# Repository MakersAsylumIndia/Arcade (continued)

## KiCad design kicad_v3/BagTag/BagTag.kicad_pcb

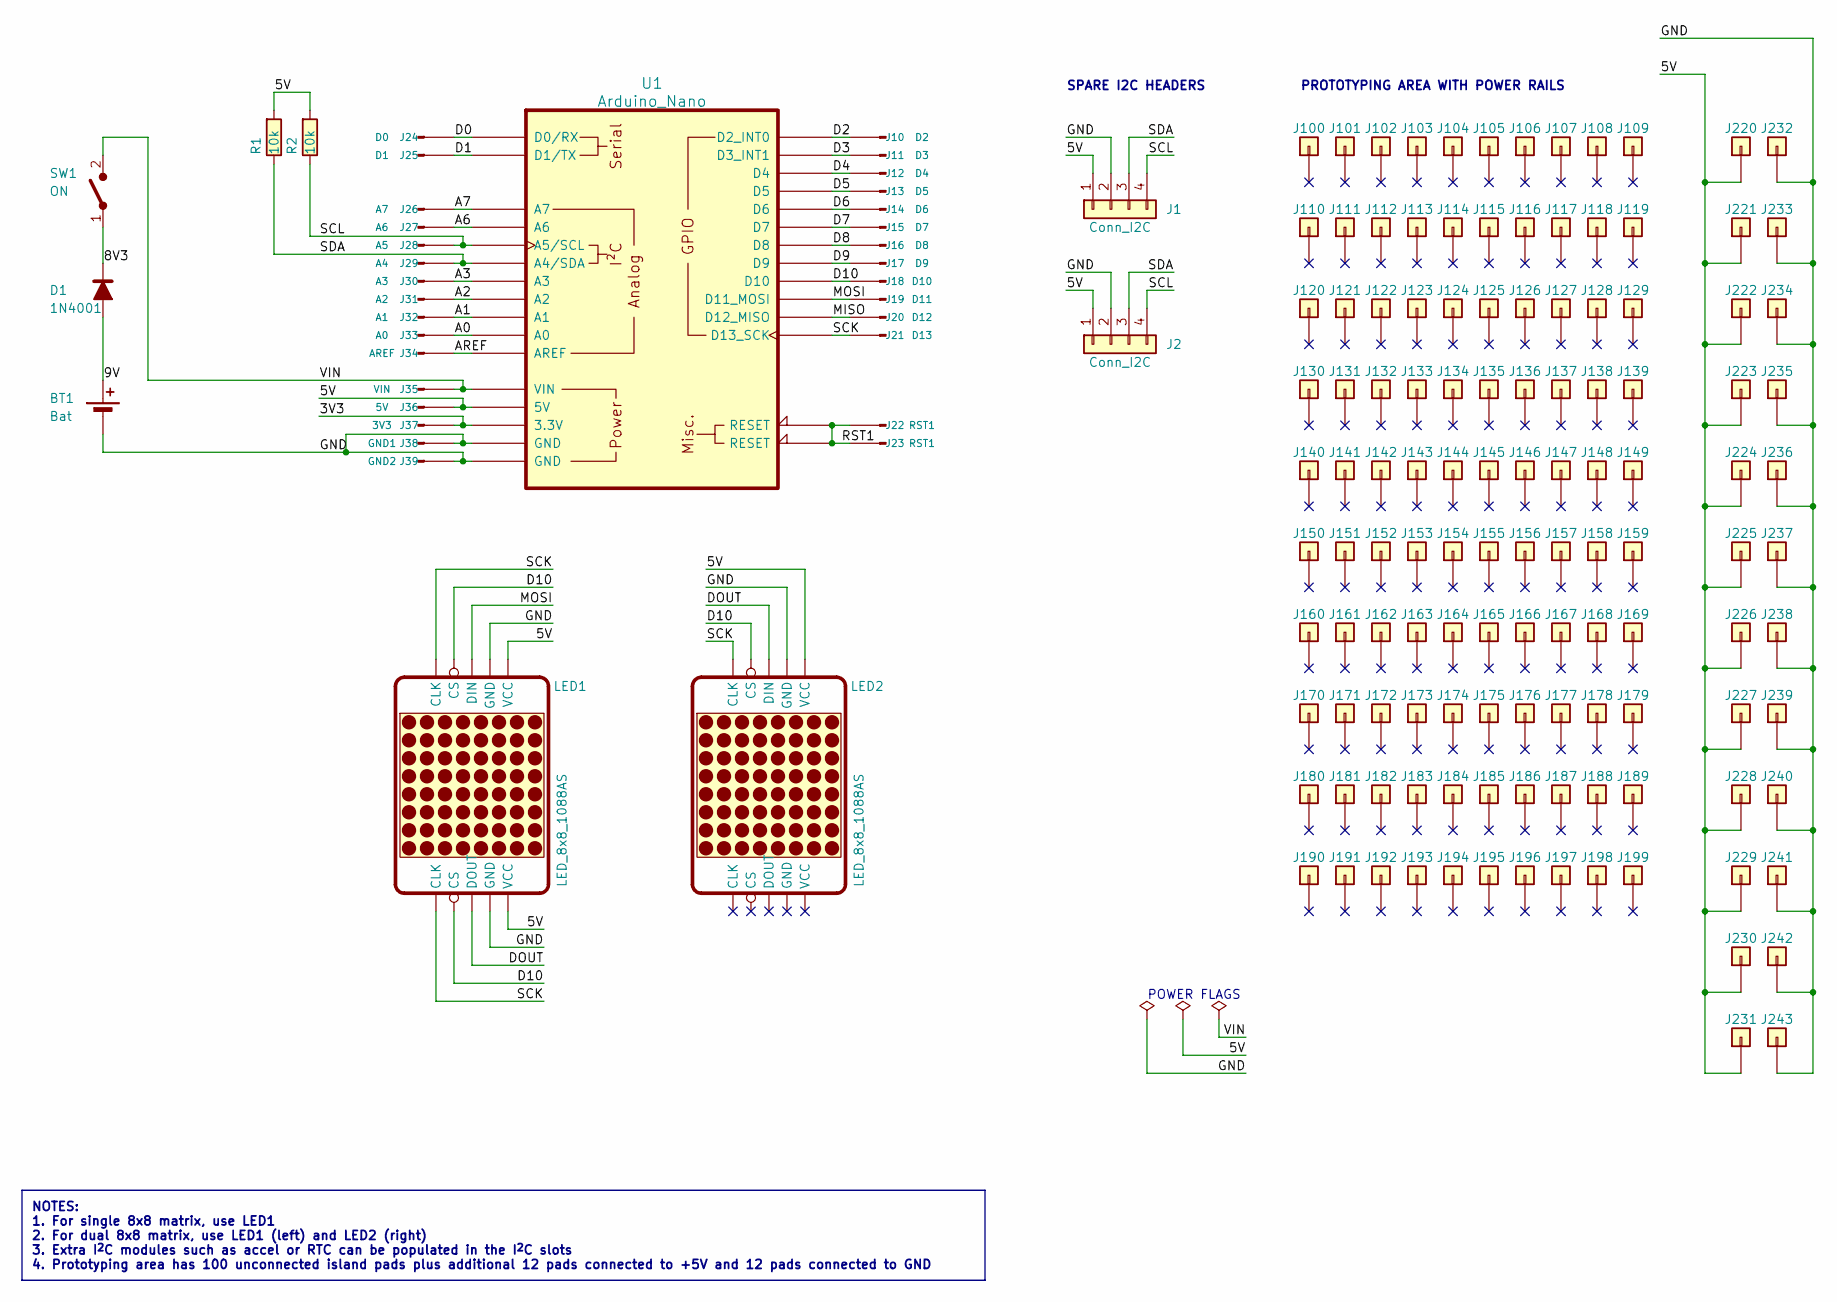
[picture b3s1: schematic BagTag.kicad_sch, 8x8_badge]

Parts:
BT1: Bat; PinHeader_1x02_P2.54mm_Vertical
D1: 1N4001; D_DO-41_SOD81_P10.16mm_Horizontal
J1, J2: Conn_I2C; PinHeader_1x04_P2.54mm_Vertical
J10: D2; PinHeader_1x01_P2.54mm_Vertical
J11: D3; PinHeader_1x01_P2.54mm_Vertical
J12: D4; PinHeader_1x01_P2.54mm_Vertical
J13: D5; PinHeader_1x01_P2.54mm_Vertical
J14: D6; PinHeader_1x01_P2.54mm_Vertical
J15: D7; PinHeader_1x01_P2.54mm_Vertical
J16: D8; PinHeader_1x01_P2.54mm_Vertical
J17: D9; PinHeader_1x01_P2.54mm_Vertical
J18: D10; PinHeader_1x01_P2.54mm_Vertical
J19: D11; PinHeader_1x01_P2.54mm_Vertical
J20: D12; PinHeader_1x01_P2.54mm_Vertical
J21: D13; PinHeader_1x01_P2.54mm_Vertical
J22, J23: RST1; PinHeader_1x01_P2.54mm_Vertical
J24: D0; PinHeader_1x01_P2.54mm_Vertical
J25: D1; PinHeader_1x01_P2.54mm_Vertical
J26: A7; PinHeader_1x01_P2.54mm_Vertical
J27: A6; PinHeader_1x01_P2.54mm_Vertical
J28: A5; PinHeader_1x01_P2.54mm_Vertical
J29: A4; PinHeader_1x01_P2.54mm_Vertical
J30: A3; PinHeader_1x01_P2.54mm_Vertical
J31: A2; PinHeader_1x01_P2.54mm_Vertical
J32: A1; PinHeader_1x01_P2.54mm_Vertical
J33: A0; PinHeader_1x01_P2.54mm_Vertical
J34: AREF; PinHeader_1x01_P2.54mm_Vertical
J35: VIN; PinHeader_1x01_P2.54mm_Vertical
J36: 5V; PinHeader_1x01_P2.54mm_Vertical
J37: 3V3; PinHeader_1x01_P2.54mm_Vertical
J38: GND1; PinHeader_1x01_P2.54mm_Vertical
J39: GND2; PinHeader_1x01_P2.54mm_Vertical
J100, J101, J102, J103, J104, J105, J106, J107, J108, J109, J110, J111, J112, J113, J114, J115, J116, J117, J118, J119, J120, J121, J122, J123, J124, J125, J126, J127, J128, J129, J130, J131, J132, J133, J134, J135, J136, J137, J138, J139, J140, J141, J142, J143, J144, J145, J146, J147, J148, J149, J150, J151, J152, J153, J154, J155, J156, J157, J158, J159, J160, J161, J162, J163, J164, J165, J166, J167, J168, J169, J170, J171, J172, J173, J174, J175, J176, J177, J178, J179, J180, J181, J182, J183, J184, J185, J186, J187, J188, J189, J190, J191, J192, J193, J194, J195, J196, J197, J198, J199, J220, J221, J222, J223, J224, J225, J226, J227, J228, J229, J230, J231, J232, J233, J234, J235, J236, J237, J238, J239, J240, J241, J242, J243: Conn_01x01; PinHeader_1x01_P2.54mm_Vertical
LED1: LED_8x8_1088AS; LED_matrix_8x8_M1088ASR
LED2: LED_8x8_1088AS; LED_matrix_8x8_M1088ASR_half
R1, R2: 10k; R_Axial_DIN0207_L6.3mm_D2.5mm_P7.62mm_Horizontal
SW1: ON; SW_CuK_OS102011MA1QN1_SPDT_Angled
U1: Arduino_Nano; Arduino_Nano_v2_NoSPI

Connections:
/3V3: J37.1, U1.3V3 (3.3V)
/5V: J1.1, J2.1, J36.1, J220.1, J221.1, J222.1, J223.1, J224.1, J225.1, J226.1, J227.1, J228.1, J229.1, J230.1, J231.1, LED1.VCC, LED2.VCC, R1.1, R2.1, U1.5V
/8V3: D1.1 (K), SW1.1 (A)
/9V: BT1.1 (+), D1.2 (A)
/A0: J33.1, U1.A0
/A1: J32.1, U1.A1
/A2: J31.1, U1.A2
/A3: J30.1, U1.A3
/A6: J27.1, U1.A6
/A7: J26.1, U1.A7
/AREF: J34.1, U1.AREF
/D0: J24.1, U1.D0 (D0/RX)
/D1: J25.1, U1.D1 (D1/TX)
/D2: J10.1, U1.D2 (D2_INT0)
/D3: J11.1, U1.D3 (D3_INT1)
/D4: J12.1, U1.D4
/D5: J13.1, U1.D5
/D6: J14.1, U1.D6
/D7: J15.1, U1.D7
/D8: J16.1, U1.D8
/D9: J17.1, U1.D9
/D10: J18.1, LED1.CS, LED2.CS, U1.D10
/DOUT: LED1.DOUT, LED2.DIN
/GND: BT1.2 (-), J1.2, J2.2, J38.1, J39.1, J232.1, J233.1, J234.1, J235.1, J236.1, J237.1, J238.1, J239.1, J240.1, J241.1, J242.1, J243.1, LED1.GND, LED2.GND, U1.GND1 (GND), U1.GND2 (GND)
/MISO: J20.1, U1.D12 (D12_MISO)
/MOSI: J19.1, LED1.DIN, U1.D11 (D11_MOSI)
/RST1: J22.1, J23.1, U1.RST1 (RESET), U1.RST2 (RESET)
/SCK: J21.1, LED1.CLK, LED2.CLK, U1.D13 (D13_SCK)
/SCL: J1.4, J2.4, J28.1, R2.2, U1.A5 (A5/SCL)
/SDA: J1.3, J2.3, J29.1, R1.2, U1.A4 (A4/SDA)
/VIN: J35.1, SW1.2 (B), U1.VIN

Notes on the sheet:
PROTOTYPING AREA WITH POWER RAILS
SPARE I2C HEADERS
POWER FLAGS
NOTES: 1. For single 8x8 matrix, use LED1 2. For dual 8x8 matrix, use LED1 (left) and LED2 (right) 3. Extra I^{2}C modules such as accel or RTC can be populated in the I^{2}C slots 4. Prototyping area has 100 unconnected island pads plus additional 12 pads connected to +5V and 12 pads connected to 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

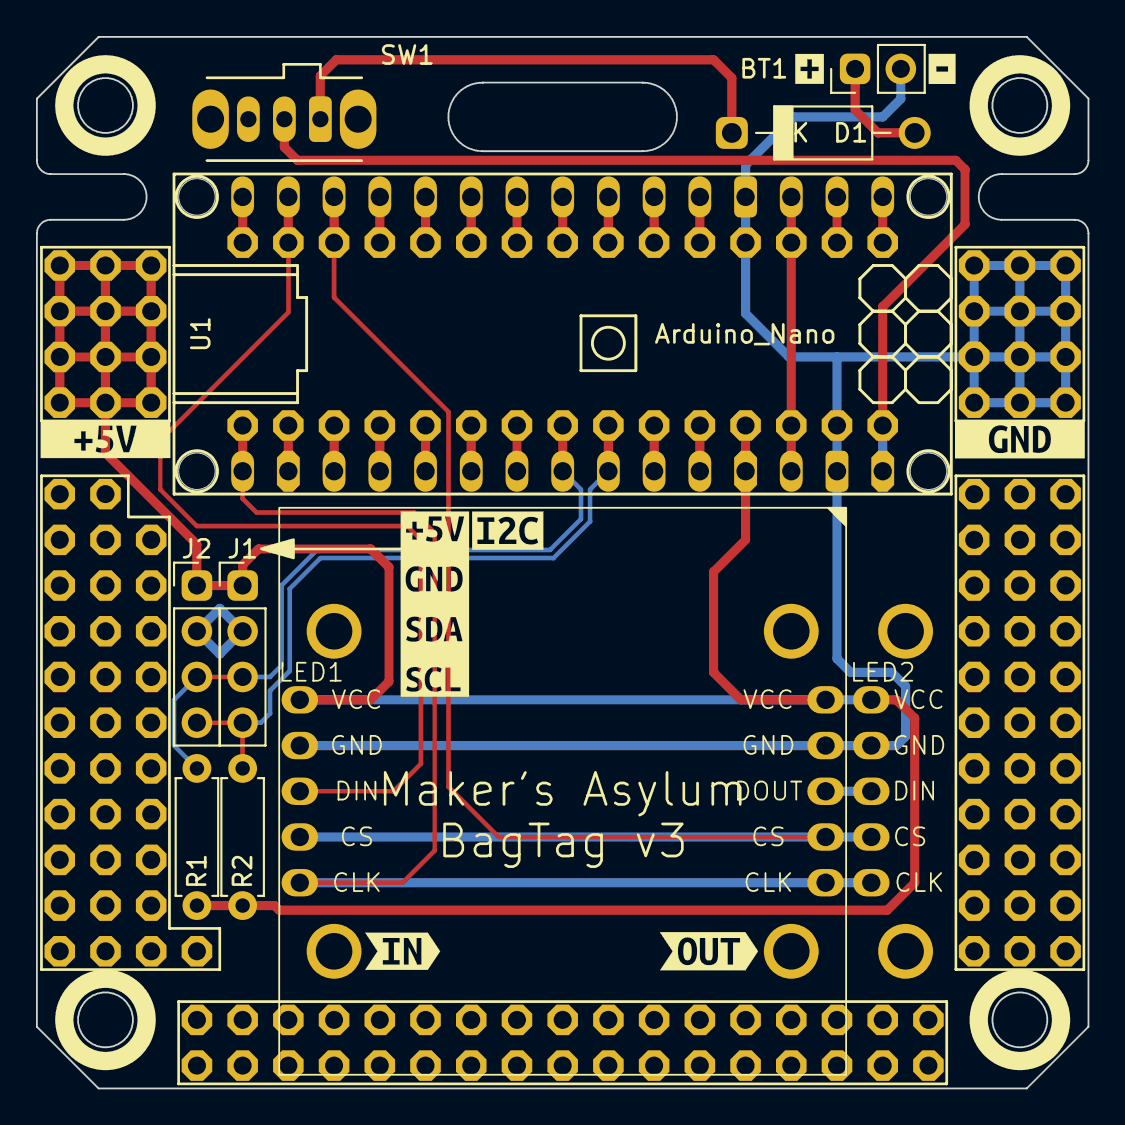
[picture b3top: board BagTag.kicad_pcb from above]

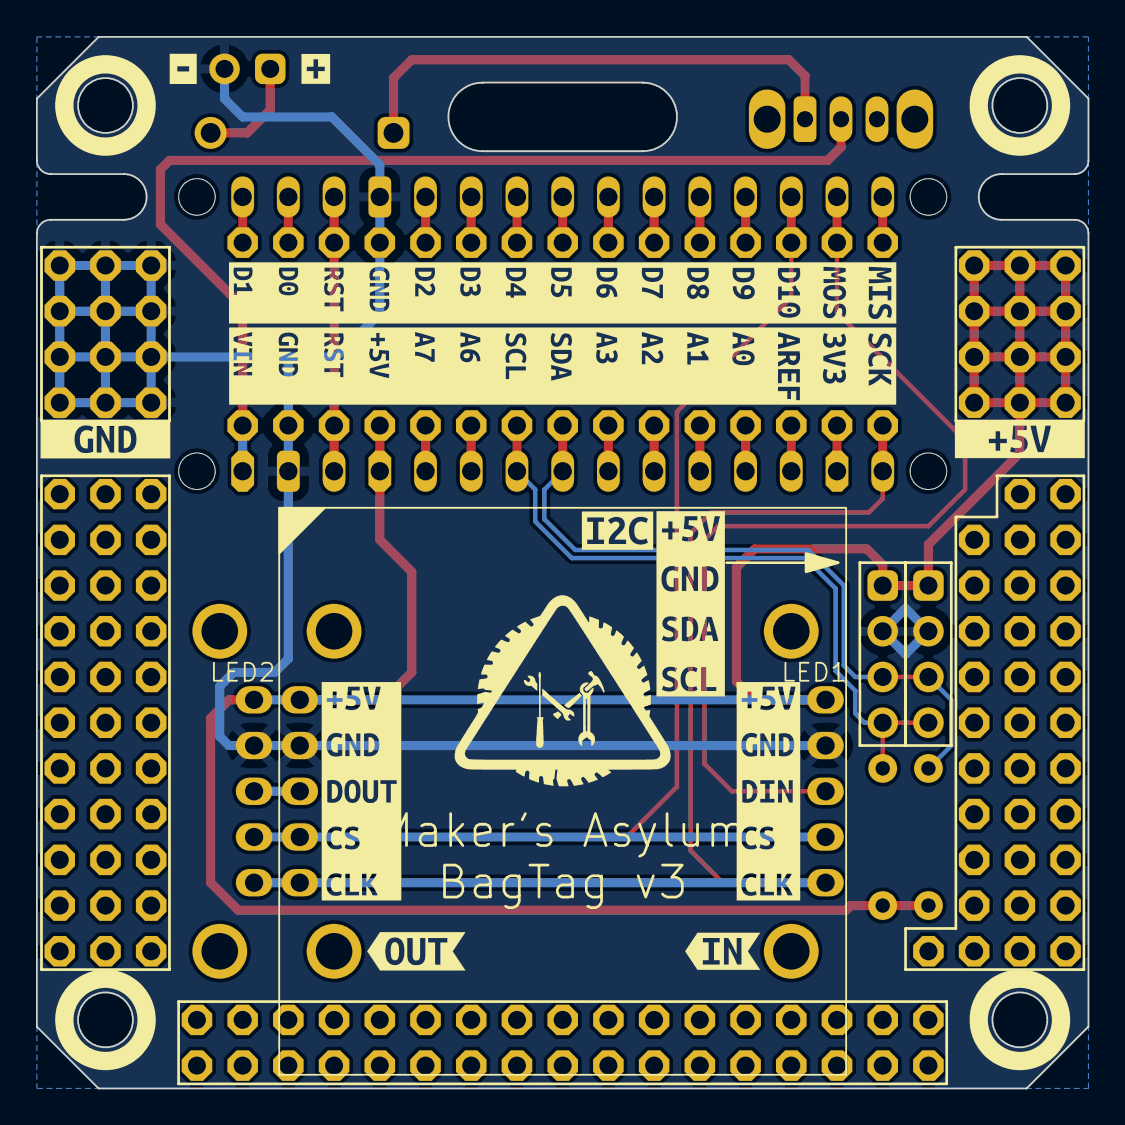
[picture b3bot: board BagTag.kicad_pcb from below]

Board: 2 copper layers, 58.4 x 58.4 mm, 184 parts (42 on the bottom side), 31 nets.

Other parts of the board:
kibuzzard-6461C6D4, kibuzzard-6461C6D4#2: G***; kibuzzard-6461C6D4
kibuzzard-6461C7CD: G***; kibuzzard-6461C7CD
kibuzzard-6461C7E5: G***; kibuzzard-6461C7E5
kibuzzard-6461CA3D: G***; kibuzzard-6461CA3D
kibuzzard-6461CA4A: G***; kibuzzard-6461CA4A
kibuzzard-6461CA6F: G***; kibuzzard-6461CA6F
kibuzzard-6461CA30: G***; kibuzzard-6461CA30
kibuzzard-6461CA59: G***; kibuzzard-6461CA59
kibuzzard-6461CA60: G***; kibuzzard-6461CA60
kibuzzard-64612FA6, kibuzzard-64612FA6#2: G***; kibuzzard-64612FA6
kibuzzard-64612FED, kibuzzard-64612FED#2: G***; kibuzzard-64612FED
kibuzzard-646132D7, kibuzzard-646132D7#2: G***; kibuzzard-646132D7
kibuzzard-646134AD: G***; kibuzzard-646134AD
kibuzzard-646134FF: G***; kibuzzard-646134FF
kibuzzard-6461376B: G***; kibuzzard-6461376B
kibuzzard-6461377A: G***; kibuzzard-6461377A

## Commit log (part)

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2023-04-18 initial commit for BagTag
2023-06-06 added v3 files
2023-06-07 updated CAD in /fabricate folder
2023-06-07 minor edit in documentation
2023-06-19 added final v3 assets including Gerbers
2023-07-14 added BagTag lasercut enclosure DXF
2023-07-21 modified DXF outputs after PCB edits
2024-05-09 ver 4 WIP - removed prototyping pads, added digital, analog and PWM headers
2024-05-13 ver 4 WIP - gerbers are ready
2024-09-04 TheThing v1 PCB and Arcade WIP
2024-09-04 Arcade update
2024-09-06 TheThing Arcade WIP
2024-09-07 TheThing Arcade WIP 2
2024-11-12 arcade enclosure ver3
2024-12-13 added hole for reset button
2024-12-15 cleanup
2025-02-07 PCB addon board and new enclosure
2025-05-09 v7 files for PCB and enclosure
2025-05-12 v7 prototype files for PCB and enclosure
2025-05-13 side retaining clips made 0.4mm smaller
2025-05-16 fixed default OLED jumper connections
2025-07-18 modified enclosure v8
2025-10-11 enclosure WIP for v8
2025-10-13 v8 enclosure final
2025-10-16 added haptic motor code
2025-10-18 codes folder reorganized
2025-10-20 codes WIP
2025-10-23 codes_testing is the folder with functional codes. code_archive is old code
2025-10-31 added revised version of pot knob
2025-11-04 v8 laser DXF for production

-------------------------

Please retype exactly the line containing "2025-07-18 modified enclosure v8" and each line after it to the end of the records, and nothing more.

YOUR SOLUTION:
2025-07-18 modified enclosure v8
2025-10-11 enclosure WIP for v8
2025-10-13 v8 enclosure final
2025-10-16 added haptic motor code
2025-10-18 codes folder reorganized
2025-10-20 codes WIP
2025-10-23 codes_testing is the folder with functional codes. code_archive is old code
2025-10-31 added revised version of pot knob
2025-11-04 v8 laser DXF for production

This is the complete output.